Deshalb sollte schon beim Einkauf der Jahresration auf eine gute Qualität geachtet werden. Wer hier beim Preis sparen will und billige Holzpellets kauft, kann sich schnell verrechnen. Gute Pellets weisen eine hohe Dichte auf, preisgünstigere Pellets dagegen haben diese hohe Dichte nicht.

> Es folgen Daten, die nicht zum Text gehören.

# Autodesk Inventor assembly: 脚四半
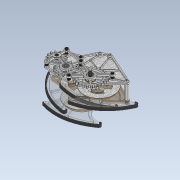
[picture p0: Inventor's stored thumbnail of the model, 180x180]
Saved by Autodesk Inventor 2020.2 (Build 242310000, 310)
## iProperties
Created: 2020-03-11
Part Number: 脚四半
Document SubType Name: Assembly
Designer: aoyam
Mass: 216.07 g
Surface Area: 1653.51 cm^2
Volume: 107.747 cm^3
Density: 2.00533 g/cm^3
Author: aoyam
## Documents named in this file (37)
- C:\Users\aoyam\Desktop\SRDC_local\Inventor\二年機\Geminiβ\脚\脚四半.iam
- C:\Users\aoyam\Desktop\SRDC_local\Inventor\二年機\Geminiβ\汎用部品\ワッシャD8d6m0.5.ipt
- C:\Users\aoyam\Desktop\SRDC_local\Inventor\二年機\Geminiβ\汎用部品\ワッシャD7d4m0.5.ipt
- C:\Users\aoyam\Desktop\SRDC_local\Inventor\二年機\Geminiβ\汎用部品\ｍ2歯数17ギアd3.99.ipt
- C:\Users\aoyam\Desktop\SRDC_local\Inventor\二年機\Geminiβ\汎用部品\スペーサーM3L30アルミ.ipt
- C:\Users\aoyam\Desktop\SRDC_local\Inventor\二年機\Geminiβ\汎用部品\ネジボタンM3L6.ipt
- C:\Users\aoyam\Desktop\SRDC_local\Inventor\二年機\Geminiβ\汎用部品\ネジボタンM3L8.ipt
- C:\Users\aoyam\Desktop\SRDC_local\Inventor\二年機\Geminiβ\汎用部品\スペーサーM3L30樹脂.ipt
- C:\Users\aoyam\Desktop\SRDC_local\Inventor\二年機\Geminiβ\汎用部品\オイレスFd6D8L7.ipt
- C:\Users\aoyam\Desktop\SRDC_local\Inventor\二年機\Geminiβ\汎用部品\ネジアルミM3L6.ipt
- C:\Users\aoyam\Desktop\SRDC_local\Inventor\二年機\Geminiβ\脚\脚フレーム外側後.ipt
- C:\Users\aoyam\Desktop\SRDC_local\Inventor\二年機\Geminiβ\脚\ネジクランク\脚一枚.iam
- C:\Users\aoyam\Desktop\SRDC_local\Inventor\二年機\Geminiβ\脚\ネジクランク\カムL4F.ipt
- C:\Users\aoyam\Desktop\SRDC_local\Inventor\二年機\Geminiβ\汎用部品\オイレスドライメットFd10D12L3.ipt
- C:\Users\aoyam\Desktop\SRDC_local\Inventor\二年機\Geminiβ\汎用部品\ｍ2歯数25ギアネジ.ipt
- C:\Users\aoyam\Desktop\SRDC_local\Inventor\二年機\Geminiβ\汎用部品\オイレスドライメットFd10D12L4.ipt
- C:\Users\aoyam\Desktop\SRDC_local\Inventor\二年機\Geminiβ\脚\ネジクランク\カムL3.ipt
- C:\Users\aoyam\Desktop\SRDC_local\Inventor\二年機\Geminiβ\脚\ネジクランク\カムL4.ipt
- C:\Users\aoyam\Desktop\SRDC_local\Inventor\二年機\Geminiβ\汎用部品\ネジキャップM3L45.ipt
- C:\Users\aoyam\Desktop\SRDC_local\Inventor\二年機\Geminiβ\汎用部品\ナットナイロンM3.ipt
- C:\Users\aoyam\Desktop\SRDC_local\Inventor\二年機\Geminiβ\汎用部品\スペーサーM3L40アルミ.ipt
- C:\Users\aoyam\Desktop\SRDC_local\Inventor\二年機\Geminiβ\汎用部品\ネジ超極低頭M3L4.ipt
- C:\Users\aoyam\Desktop\SRDC_local\Inventor\二年機\Geminiβ\脚\脚フレーム内側後改.ipt
- C:\Users\aoyam\Desktop\SRDC_local\Inventor\二年機\Geminiβ\汎用部品\ベアリングFd4D11B4.ipt
- C:\Users\aoyam\Desktop\SRDC_local\Inventor\二年機\Geminiβ\汎用部品\ネジ皿M3L8.ipt
- C:\Users\aoyam\Desktop\SRDC_local\Inventor\二年機\Geminiβ\汎用部品\ベアリングFd6D12B4.ipt
- C:\Users\aoyam\Desktop\SRDC_local\Inventor\二年機\Geminiβ\汎用部品\ｍ2歯数14ギアd12.ipt
- C:\Users\aoyam\Desktop\SRDC_local\Inventor\二年機\Geminiβ\汎用部品\オイレスFd6D8L4.ipt
- C:\Users\aoyam\Desktop\SRDC_local\Inventor\二年機\Geminiβ\脚\脚ギアトレイン2.ipt
- C:\Users\aoyam\Desktop\SRDC_local\Inventor\二年機\Geminiβ\汎用部品\ワッシャD10d6m0.3.ipt
- C:\Users\aoyam\Desktop\SRDC_local\Inventor\二年機\Geminiβ\汎用部品\オイレス外径8内径6L3.ipt
- C:\Users\aoyam\Desktop\SRDC_local\Inventor\二年機\Geminiβ\汎用部品\ポリスラd6D14t0.25.ipt
- C:\Users\aoyam\Desktop\SRDC_local\Inventor\二年機\Geminiβ\汎用部品\スペーサー中空M3L5樹脂.ipt
- C:\Users\aoyam\Desktop\SRDC_local\Inventor\二年機\Geminiβ\汎用部品\ネジボタンM3L10.ipt
- C:\Users\aoyam\Desktop\SRDC_local\Inventor\二年機\Geminiβ\汎用部品\平行ピンD4L12.ipt
- C:\Users\aoyam\Desktop\SRDC_local\Inventor\二年機\Geminiβ\汎用部品\スペーサー中空M3L4樹脂.ipt
- C:\Users\aoyam\Desktop\SRDC_local\Inventor\二年機\Geminiβ\汎用部品\ネジキャップM3L15.ipt
## Components (61 placed, 36 different names)
1. ワッシャD7d4m0.5:1 — 挿入:9, 挿入:169
2. ｍ2歯数17ギアd3.99:1 — 挿入:9, 挿入:11
3. ワッシャD7d4m0.5:2 — 挿入:11, 挿入:155
4. ワッシャD8d6m0.5:2 — 挿入:160, 挿入:161
5. スペーサーM3L30アルミ:1 — 挿入:93, メイト:9, メイト:10, メイト:11, メイト:12
6. ネジボタンM3L6:1 — 挿入:148
7. ネジボタンM3L8:4 — 挿入:97
8. スペーサーM3L30樹脂:1 — 挿入:146, 挿入:151
9. スペーサーM3L30樹脂:2 — 挿入:152, 挿入:153
10. オイレスFd6D8L7:1 — 挿入:136, 挿入:137
11. オイレスFd6D8L7:2 — 挿入:134
12. オイレスFd6D8L7:3 — 挿入:135
13. オイレスFd6D8L7:4 — 挿入:133, 挿入:139
14. ワッシャD8d6m0.5:3 — 挿入:93, 挿入:129
15. ワッシャD8d6m0.5:4 — 挿入:130, 挿入:138
16. ワッシャD8d6m0.5:5 — 挿入:129, 挿入:139
17. ネジアルミM3L6:1 — 挿入:147
18. ネジアルミM3L6:2 — 挿入:149
19. ネジアルミM3L6:3 — 挿入:98
20. ネジアルミM3L6:4 — 挿入:99
21. 脚フレーム外側後:1 — 挿入:97, 挿入:98, 挿入:99, メイト:1, 挿入:111, 挿入:124, 挿入:138, 挿入:151, 挿入:153
22. 脚一枚:1 [sub-assembly] — 挿入:103, 挿入:104, メイト:1, 挿入:109, 挿入:110, メイト:9, 挿入:136
23. 脚一枚:2 [sub-assembly] — 挿入:103, 挿入:104, 挿入:105, 挿入:106, メイト:10, 挿入:135
24. 脚一枚:3 [sub-assembly] — 挿入:105, 挿入:106, 挿入:107, 挿入:108, メイト:11, 挿入:134
25. 脚一枚:4 [sub-assembly] — 挿入:107, 挿入:108, メイト:6, メイト:7, メイト:12, 挿入:133
26. カムL4F:1 — 挿入:109, 挿入:110, 挿入:111, 挿入:112, 挿入:119, 挿入:120
27. オイレスドライメットFd10D12L3:1 — 挿入:112
28. ｍ2歯数25ギアネジ:1 — 挿入:114, 挿入:115, 挿入:116, メイト:6, メイト:13, メイト:14, 挿入:164
29. オイレスドライメットFd10D12L3:2 — 挿入:114, 挿入:165
30. カムL3:1 — 挿入:115, 挿入:116, 挿入:121, 挿入:122, メイト:13
31. オイレスドライメットFd10D12L4:1 — 挿入:118, 挿入:150, 挿入:164
32. カムL4:1 — 挿入:118, メイト:7
33. ネジキャップM3L45:1 — 挿入:119, メイト:14
34. ネジキャップM3L45:2 — 挿入:120
35. ナットナイロンM3:1 — 挿入:121, メイト:8
36. ナットナイロンM3:2 — 挿入:122, メイト:8
37. スペーサーM3L40アルミ:1 — 挿入:124, 挿入:127, 挿入:181
38. ネジ超極低頭M3L4:1 — 挿入:127
39. ワッシャD8d6m0.5:6 — 挿入:130, 挿入:137
40. 脚フレーム内側後改:1 — 挿入:146, 挿入:147, 挿入:148, 挿入:149, 挿入:150, 挿入:152, 挿入:154, 挿入:157, 挿入:163, 挿入:173, 挿入:174, 挿入:175, 挿入:176
41. ベアリングFd4D11B4:1 — 挿入:154, 挿入:155
42. ベアリングFd4D11B4:2 — 挿入:168, 挿入:169, 挿入:180
43. ネジ皿M3L8:1 — 挿入:157
44. ベアリングFd6D12B4:1 — 挿入:159, 挿入:161, 挿入:167
45. ｍ2歯数14ギアd12:1 — 挿入:159
46. オイレスFd6D8L4:1 — 挿入:160, 挿入:163
47. 脚ギアトレイン2:1 — 挿入:165, 挿入:168, 挿入:170, 挿入:177, 挿入:178, 挿入:179, 挿入:182
48. ワッシャD10d6m0.3:1 — 挿入:167
49. オイレス外径8内径6L3:1 — 挿入:170, 挿入:172
50. ポリスラd6D14t0.25:1 — 挿入:171, 挿入:172
51. ポリスラd6D14t0.25:2 — 挿入:171
52. スペーサー中空M3L5樹脂:1 — 挿入:173
53. スペーサー中空M3L5樹脂:2 — 挿入:174
54. スペーサー中空M3L5樹脂:3 — 挿入:175
55. スペーサー中空M3L5樹脂:4 — 挿入:176
56. ネジボタンM3L10:1 — 挿入:177
57. ネジボタンM3L10:2 — 挿入:178
58. ネジボタンM3L10:3 — 挿入:179
59. 平行ピンD4L12:1 — 挿入:180
60. スペーサー中空M3L4樹脂:1 — 挿入:181
61. ネジキャップM3L15:1 — 挿入:182
## Relationships (78: Insert 68, Mate 10)
- 挿入:9 [Insert]: ワッシャD7d4m0.5:1 ↔ ｍ2歯数17ギアd3.99:1
- 挿入:11 [Insert]: ｍ2歯数17ギアd3.99:1 ↔ ワッシャD7d4m0.5:2
- 挿入:93 [Insert]: スペーサーM3L30アルミ:1 ↔ ワッシャD8d6m0.5:3
- 挿入:97 [Insert]: ネジボタンM3L8:4 ↔ 脚フレーム外側後:1
- 挿入:98 [Insert]: ネジアルミM3L6:3 ↔ 脚フレーム外側後:1
- 挿入:99 [Insert]: ネジアルミM3L6:4 ↔ 脚フレーム外側後:1
- 挿入:103 [Insert]: 脚一枚:1 ↔ 脚一枚:2
- 挿入:104 [Insert]: 脚一枚:1 ↔ 脚一枚:2
- 挿入:105 [Insert]: 脚一枚:2 ↔ 脚一枚:3
- 挿入:106 [Insert]: 脚一枚:2 ↔ 脚一枚:3
- 挿入:107 [Insert]: 脚一枚:3 ↔ 脚一枚:4
- 挿入:108 [Insert]: 脚一枚:3 ↔ 脚一枚:4
- メイト:1 [Mate] (1 mm): 脚フレーム外側後:1 ↔ 脚一枚:1
- 挿入:109 [Insert]: 脚一枚:1 ↔ カムL4F:1
- 挿入:110 [Insert]: 脚一枚:1 ↔ カムL4F:1
- 挿入:111 [Insert]: 脚フレーム外側後:1 ↔ カムL4F:1
- 挿入:112 [Insert]: カムL4F:1 ↔ オイレスドライメットFd10D12L3:1
- 挿入:114 [Insert]: ｍ2歯数25ギアネジ:1 ↔ オイレスドライメットFd10D12L3:2
- 挿入:115 [Insert]: ｍ2歯数25ギアネジ:1 ↔ カムL3:1
- 挿入:116 [Insert]: ｍ2歯数25ギアネジ:1 ↔ カムL3:1
- メイト:6 [Mate]: 脚一枚:4 ↔ ｍ2歯数25ギアネジ:1
- 挿入:118 [Insert]: オイレスドライメットFd10D12L4:1 ↔ カムL4:1
- メイト:7 [Mate]: 脚一枚:4 ↔ カムL4:1
- 挿入:119 [Insert]: カムL4F:1 ↔ ネジキャップM3L45:1
- 挿入:120 [Insert]: カムL4F:1 ↔ ネジキャップM3L45:2
- 挿入:121 [Insert]: カムL3:1 ↔ ナットナイロンM3:1
- 挿入:122 [Insert]: カムL3:1 ↔ ナットナイロンM3:2
- メイト:8 [Mate]: ナットナイロンM3:1 ↔ ナットナイロンM3:2
- 挿入:124 [Insert] (3 mm): 脚フレーム外側後:1 ↔ スペーサーM3L40アルミ:1
- 挿入:127 [Insert]: スペーサーM3L40アルミ:1 ↔ ネジ超極低頭M3L4:1
- 挿入:129 [Insert]: ワッシャD8d6m0.5:3 ↔ ワッシャD8d6m0.5:5
- 挿入:130 [Insert]: ワッシャD8d6m0.5:4 ↔ ワッシャD8d6m0.5:6
- メイト:9 [Mate]: スペーサーM3L30アルミ:1 ↔ 脚一枚:1
- メイト:10 [Mate]: スペーサーM3L30アルミ:1 ↔ 脚一枚:2
- メイト:11 [Mate]: スペーサーM3L30アルミ:1 ↔ 脚一枚:3
- メイト:12 [Mate]: スペーサーM3L30アルミ:1 ↔ 脚一枚:4
- 挿入:133 [Insert]: オイレスFd6D8L7:4 ↔ 脚一枚:4
- 挿入:134 [Insert]: オイレスFd6D8L7:2 ↔ 脚一枚:3
- 挿入:135 [Insert]: オイレスFd6D8L7:3 ↔ 脚一枚:2
- 挿入:136 [Insert]: オイレスFd6D8L7:1 ↔ 脚一枚:1
- 挿入:137 [Insert]: オイレスFd6D8L7:1 ↔ ワッシャD8d6m0.5:6
- 挿入:138 [Insert]: ワッシャD8d6m0.5:4 ↔ 脚フレーム外側後:1
- 挿入:139 [Insert]: オイレスFd6D8L7:4 ↔ ワッシャD8d6m0.5:5
- メイト:13 [Mate]: ｍ2歯数25ギアネジ:1 ↔ カムL3:1
- 挿入:146 [Insert]: スペーサーM3L30樹脂:1 ↔ 脚フレーム内側後改:1
- 挿入:147 [Insert]: ネジアルミM3L6:1 ↔ 脚フレーム内側後改:1
- 挿入:148 [Insert]: ネジボタンM3L6:1 ↔ 脚フレーム内側後改:1
- 挿入:149 [Insert]: ネジアルミM3L6:2 ↔ 脚フレーム内側後改:1
- 挿入:150 [Insert]: オイレスドライメットFd10D12L4:1 ↔ 脚フレーム内側後改:1
- メイト:14 [Mate]: ｍ2歯数25ギアネジ:1 ↔ ネジキャップM3L45:1
- 挿入:151 [Insert]: スペーサーM3L30樹脂:1 ↔ 脚フレーム外側後:1
- 挿入:152 [Insert]: スペーサーM3L30樹脂:2 ↔ 脚フレーム内側後改:1
- 挿入:153 [Insert]: スペーサーM3L30樹脂:2 ↔ 脚フレーム外側後:1
- 挿入:154 [Insert]: 脚フレーム内側後改:1 ↔ ベアリングFd4D11B4:1
- 挿入:155 [Insert]: ワッシャD7d4m0.5:2 ↔ ベアリングFd4D11B4:1
- 挿入:157 [Insert]: 脚フレーム内側後改:1 ↔ ネジ皿M3L8:1
- 挿入:159 [Insert]: ベアリングFd6D12B4:1 ↔ ｍ2歯数14ギアd12:1
- 挿入:160 [Insert]: ワッシャD8d6m0.5:2 ↔ オイレスFd6D8L4:1
- 挿入:161 [Insert]: ワッシャD8d6m0.5:2 ↔ ベアリングFd6D12B4:1
- 挿入:163 [Insert]: 脚フレーム内側後改:1 ↔ オイレスFd6D8L4:1
- 挿入:164 [Insert]: ｍ2歯数25ギアネジ:1 ↔ オイレスドライメットFd10D12L4:1
- 挿入:165 [Insert]: オイレスドライメットFd10D12L3:2 ↔ 脚ギアトレイン2:1
- 挿入:167 [Insert]: ベアリングFd6D12B4:1 ↔ ワッシャD10d6m0.3:1
- 挿入:168 [Insert]: ベアリングFd4D11B4:2 ↔ 脚ギアトレイン2:1
- 挿入:169 [Insert]: ワッシャD7d4m0.5:1 ↔ ベアリングFd4D11B4:2
- 挿入:170 [Insert]: 脚ギアトレイン2:1 ↔ オイレス外径8内径6L3:1
- 挿入:171 [Insert]: ポリスラd6D14t0.25:1 ↔ ポリスラd6D14t0.25:2
- 挿入:172 [Insert]: オイレス外径8内径6L3:1 ↔ ポリスラd6D14t0.25:1
- 挿入:173 [Insert]: 脚フレーム内側後改:1 ↔ スペーサー中空M3L5樹脂:1
- 挿入:174 [Insert]: 脚フレーム内側後改:1 ↔ スペーサー中空M3L5樹脂:2
- 挿入:175 [Insert]: 脚フレーム内側後改:1 ↔ スペーサー中空M3L5樹脂:3
- 挿入:176 [Insert]: 脚フレーム内側後改:1 ↔ スペーサー中空M3L5樹脂:4
- 挿入:177 [Insert]: 脚ギアトレイン2:1 ↔ ネジボタンM3L10:1
- 挿入:178 [Insert]: 脚ギアトレイン2:1 ↔ ネジボタンM3L10:2
- 挿入:179 [Insert]: 脚ギアトレイン2:1 ↔ ネジボタンM3L10:3
- 挿入:180 [Insert]: ベアリングFd4D11B4:2 ↔ 平行ピンD4L12:1
- 挿入:181 [Insert]: スペーサーM3L40アルミ:1 ↔ スペーサー中空M3L4樹脂:1
- 挿入:182 [Insert]: 脚ギアトレイン2:1 ↔ ネジキャップM3L15:1

Dementsprechend mehr Pellets werden verbraucht um die Raumtemperatur zu halten, was den Jahresendpreis in die Höhe treibt.
Darüber hinaus ist das umweltfreundliche Material, das aus den Abfällen der Holz verarbeitenden Industrie verwendet wird, ein wichtiger Bestandteil des heute ökologischen Bewusstseins.
Die umweltfreundliche Gasheizung
Die Gasheizung zählt noch immer zu den umweltfreundlichen Heizmethoden der Gegenwart. So wählen rund die Hälfte der deutschen Haushalte die Möglichkeit des preisgünstigen Gasheizers für innen, die einfach im Haus zu installieren ist und wenig Platz beansprucht. Aber: Das war einmal. Denn seit dem Überfall Putins auf die Ukraine sind die Gaspreise geradezu explodiert. Mit Gas innen zu heizen ist nunmehr eine unglaublich teure Sache.
Vor der Installation einer Gasheizung muss der ungefähre Verbrauch pro Jahr berechnet werden. Dieser richtet sich auch nach der Anzahl der Personen im Haushalt. Der entscheidende Faktor, der einer Berechnung zugrunde liegt, ist die Dämmung, die die Fenster, die Fassade sowie das Dach aufweisen.
Außerdem ist vorab zu klären, ob der Warmwasserbedarf ebenfalls von der Gasheizung gestellt werden soll. Neben der alleinigen Gasheizung ist auch eine Kombination mit einer Solarthermieanlage möglich, die einen Teil des Warmwasserbedarfs abdeckt und somit die langfristigen Heizkosten einer Gasheizung reduzieren kann.
Seit dem Ukraine-Krieg ist der Gaspreis in die Höhe geschossen. (Gas)Energie zu sparen ist die eine Sache, den Gaspreis zu vergleichen und einen preiswerten Anbieter zu finden, die andere.
Die richtige Wahl des Tarifs spart bares Geld
Gleichermaßen wichtig für die Gesamtberechnung ist der zu wählende Tarif einer Gasheizung. Dabei kann bei der richtigen Wahl des jeweiligen Anbieters und dem entsprechenden Tarif eine Menge Geld gespart werden. Daher ist ein direkter Preisvergleich der Gaskosten Voraussetzung für einen Vertragsabschluss.